Основы молекулярной биологии. Часть 2: Молекулярные генетические механизмы - А.Н. Огурцов 2011
Идентификация клонов ДНК
Разделение векторов и клонированных фрагментов ДНК
Для того чтобы манипулировать или анализировать нуклеотидную последовательность клонированного фрагмента молекулы ДНК, необходимо сначала отделить его от вектора. Рекомбинантная ДНК может быть разрезана тем же рестрикционным ферментом, который был использован при её синтезе. Разделение фрагментов ДНК и векторов проводят методом гель-электрофореза.
При нейтральном значении pH молекулы ДНК несут негативный заряд и поэтому перемещаются от отрицательного к положительному полюсу электрофоретической колонны. Поскольку гелевая матрица препятствует случайным блужданиям молекул, то молекулы одинаковой длины под действием внешнего электрического поля мигрируют вместе в виде полосы, ширина которой равна глубине той ванночки, в которую была помещена исследуемая смесь перед включением электрического поля.
Более короткие молекулы движутся сквозь гель быстрее, чем длинные молекулы, что приводит в результате к тому, что молекулы разной длины движутся в виде различных полос (рисунок 98).
ДНК-молекулы длиной порядка 2000 нуклеотидов обычно разделяют электрофоретически в полиакриламидном геле, а молекулы с длиной 20-200 нуклеотидов - в агарозном геле.

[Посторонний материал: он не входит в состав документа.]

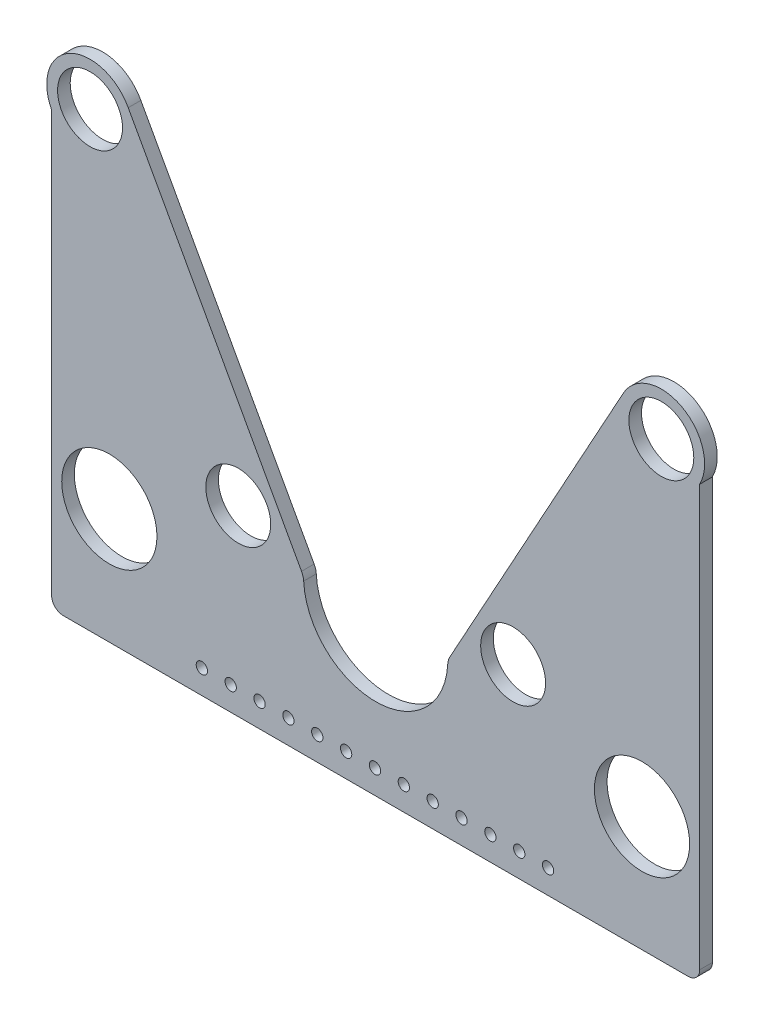
ISO-10303-21;
HEADER;
FILE_DESCRIPTION(('STEP AP214'),'2;1');
FILE_NAME('part.step','',(''),(''),'','','');
FILE_SCHEMA(('AUTOMOTIVE_DESIGN { 1 0 10303 214 1 1 1 1 }'));
ENDSEC;
DATA;
#1=APPLICATION_CONTEXT('core data for automotive mechanical design processes');
#2=APPLICATION_PROTOCOL_DEFINITION('international standard','automotive_design',2000,#1);
#3=PRODUCT_CONTEXT('',#1,'mechanical');
#4=PRODUCT('Part','Part','',(#3));
#5=PRODUCT_RELATED_PRODUCT_CATEGORY('part','',(#4));
#6=PRODUCT_DEFINITION_FORMATION('','',#4);
#7=PRODUCT_DEFINITION_CONTEXT('part definition',#1,'design');
#8=PRODUCT_DEFINITION('design','',#6,#7);
#9=PRODUCT_DEFINITION_SHAPE('','',#8);
#10=(LENGTH_UNIT() NAMED_UNIT(*) SI_UNIT(.MILLI.,.METRE.));
#11=(NAMED_UNIT(*) PLANE_ANGLE_UNIT() SI_UNIT($,.RADIAN.));
#12=(NAMED_UNIT(*) SI_UNIT($,.STERADIAN.) SOLID_ANGLE_UNIT());
#13=UNCERTAINTY_MEASURE_WITH_UNIT(LENGTH_MEASURE(1.E-05),#10,'distance_accuracy_value','');
#14=(GEOMETRIC_REPRESENTATION_CONTEXT(3) GLOBAL_UNCERTAINTY_ASSIGNED_CONTEXT((#13)) GLOBAL_UNIT_ASSIGNED_CONTEXT((#10,
#11,#12)) REPRESENTATION_CONTEXT('',''));
#15=CARTESIAN_POINT('',(0.,0.,0.));
#16=DIRECTION('',(0.,0.,1.));
#17=DIRECTION('',(1.,0.,0.));
#18=AXIS2_PLACEMENT_3D('',#15,#16,#17);
#19=CARTESIAN_POINT('',(125.726814921125,131.243846083959,3.175));
#20=DIRECTION('',(0.,0.,-1.));
#21=DIRECTION('',(-1.,0.,0.));
#22=AXIS2_PLACEMENT_3D('',#19,#20,#21);
#23=CYLINDRICAL_SURFACE('',#22,19.0499999999958);
#24=DIRECTION('',(0.,0.,-1.));
#25=VECTOR('',#24,1.);
#26=CARTESIAN_POINT('',(142.632381684572,122.462939957225,3.175));
#27=LINE('',#26,#25);
#28=CARTESIAN_POINT('',(142.632381684572,122.462939957225,3.175));
#29=VERTEX_POINT('',#28);
#30=CARTESIAN_POINT('',(142.632381684572,122.462939957225,-2.38125));
#31=VERTEX_POINT('',#30);
#32=EDGE_CURVE('E251',#29,#31,#27,.T.);
#33=ORIENTED_EDGE('',*,*,#32,.T.);
#34=CARTESIAN_POINT('',(125.726814921125,131.243846083959,-2.38125));
#35=DIRECTION('',(0.,0.,-1.));
#36=DIRECTION('',(-1.,0.,0.));
#37=AXIS2_PLACEMENT_3D('',#34,#35,#36);
#38=CIRCLE('',#37,19.0499999999964);
#39=CARTESIAN_POINT('',(108.918256202358,140.209048468604,-2.38125));
#40=VERTEX_POINT('',#39);
#41=EDGE_CURVE('E156',#40,#31,#38,.T.);
#42=ORIENTED_EDGE('',*,*,#41,.F.);
#43=DIRECTION('',(0.,0.,-1.));
#44=VECTOR('',#43,1.);
#45=CARTESIAN_POINT('',(108.91825620236,140.209048468603,3.175));
#46=LINE('',#45,#44);
#47=CARTESIAN_POINT('',(108.91825620236,140.209048468603,3.175));
#48=VERTEX_POINT('',#47);
#49=EDGE_CURVE('E151',#48,#40,#46,.T.);
#50=ORIENTED_EDGE('',*,*,#49,.F.);
#51=CARTESIAN_POINT('',(125.726814921125,131.243846083959,3.175));
#52=DIRECTION('',(0.,0.,1.));
#53=DIRECTION('',(1.,0.,0.));
#54=AXIS2_PLACEMENT_3D('',#51,#52,#53);
#55=CIRCLE('',#54,19.0499999999958);
#56=EDGE_CURVE('E843',#48,#29,#55,.F.);
#57=ORIENTED_EDGE('',*,*,#56,.T.);
#58=EDGE_LOOP('',(#33,#42,#50,#57));
#59=FACE_BOUND('',#58,.T.);
#60=ADVANCED_FACE('F50',(#59),#23,.T.);
#61=CARTESIAN_POINT('',(24.3683765677404,-13.4118671138123,3.175));
#62=DIRECTION('',(-0.876075295504557,0.482174321803435,0.));
#63=DIRECTION('',(-0.482174321803435,-0.876075295504557,0.));
#64=AXIS2_PLACEMENT_3D('',#61,#62,#63);
#65=PLANE('',#64);
#66=ORIENTED_EDGE('',*,*,#49,.T.);
#67=DIRECTION('',(0.482174321803429,0.876075295504561,0.));
#68=VECTOR('',#67,1.);
#69=CARTESIAN_POINT('',(32.6405824860178,1.61812290561451,-2.38125));
#70=LINE('',#69,#68);
#71=CARTESIAN_POINT('',(32.6405824860178,1.61812290561451,-2.38125));
#72=VERTEX_POINT('',#71);
#73=EDGE_CURVE('E148',#72,#40,#70,.T.);
#74=ORIENTED_EDGE('',*,*,#73,.F.);
#75=DIRECTION('',(0.,0.,-1.));
#76=VECTOR('',#75,1.);
#77=CARTESIAN_POINT('',(32.6405824860178,1.61812290561451,3.175));
#78=LINE('',#77,#76);
#79=CARTESIAN_POINT('',(32.6405824860178,1.61812290561451,3.175));
#80=VERTEX_POINT('',#79);
#81=EDGE_CURVE('E74',#72,#80,#78,.F.);
#82=ORIENTED_EDGE('',*,*,#81,.T.);
#83=DIRECTION('',(0.482174321803435,0.876075295504557,0.));
#84=VECTOR('',#83,1.);
#85=CARTESIAN_POINT('',(24.3683765677404,-13.4118671138123,3.175));
#86=LINE('',#85,#84);
#87=EDGE_CURVE('E837',#80,#48,#86,.T.);
#88=ORIENTED_EDGE('',*,*,#87,.T.);
#89=EDGE_LOOP('',(#66,#74,#82,#88));
#90=FACE_BOUND('',#89,.T.);
#91=ADVANCED_FACE('F149',(#90),#65,.T.);
#92=CARTESIAN_POINT('',(0.,0.,3.175));
#93=DIRECTION('',(0.,0.,-1.));
#94=DIRECTION('',(-1.,0.,0.));
#95=AXIS2_PLACEMENT_3D('',#92,#93,#94);
#96=CYLINDRICAL_SURFACE('',#95,31.75);
#97=CARTESIAN_POINT('',(0.,0.,3.175));
#98=DIRECTION('',(0.,0.,1.));
#99=DIRECTION('',(1.,0.,0.));
#100=AXIS2_PLACEMENT_3D('',#97,#98,#99);
#101=CIRCLE('',#100,31.75);
#102=CARTESIAN_POINT('',(-31.7066743852924,-1.65810115042554,3.175));
#103=VERTEX_POINT('',#102);
#104=CARTESIAN_POINT('',(31.7066743852924,-1.65810115042554,3.175));
#105=VERTEX_POINT('',#104);
#106=EDGE_CURVE('E834',#103,#105,#101,.T.);
#107=ORIENTED_EDGE('',*,*,#106,.T.);
#108=DIRECTION('',(0.,0.,-1.));
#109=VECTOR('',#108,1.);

Для визуализации ДНК-полос гель инкубируют в растворе, содержащем флуоресцентный краситель бромистый этидий (ethidium bromide), плоские молекулы которого связываются с ДНК, а это, в свою очередь, приводит к увеличению квантового выхода этих молекул. В результате, при облучении геля ультрафиолетом, области, содержащие ДНК, светятся намного ярче, чем области геля без ДНК.
После того, как длинный клонированный фрагмент ДНК отделен от ДНК-вектора, его обычно разрезают на более мелкие части с помощью рестрикционных ферментов. После разделения методом гель-электрофореза эти малые фрагменты могут быть снова вставлены в плазмидные векторы и клонированы каждый отдельно в Е. coli стандартным образом.
Рисунок 98 - Гель-электрофорез молекул ДНК
С помощью такого субклонирования фрагменты генов упорядочивают в новые необходимые комбинации.
Например, для изменения условий экспрессии некоторого гена методом субклонирования можно заменить промотор данного гена на ДНК- последовательность, содержащую другой промотор. Кроме того, субклонирование используют для получения клонированных фрагментов ДНК необходимой длины для дальнейшего определения их нуклеотидной последовательности.
Полная характеризация клонированного фрагмента ДНК прежде всего предполагает установление последовательности нуклеотидов в этом фрагменте. Ф. Сангер (F. Sanger) с коллегами разработал метод восстановления точной нуклеотидной последовательности фрагментов ДНК длиной до 500 нуклеотидов.
Основная идея этого метода заключается в том, чтобы синтезировать на основе данного фрагмента ДНК набор дочерних ДНК, у каждой из которых один из концов отмечен маркером, при этом длина каждой из этих дочерних ДНК отличается от остальных на один нуклеотид. Разделение таких последовательно укороченных дочерних молекул методом гель-электрофореза позволяет восстановить точную последовательность исходного фрагмента ДНК.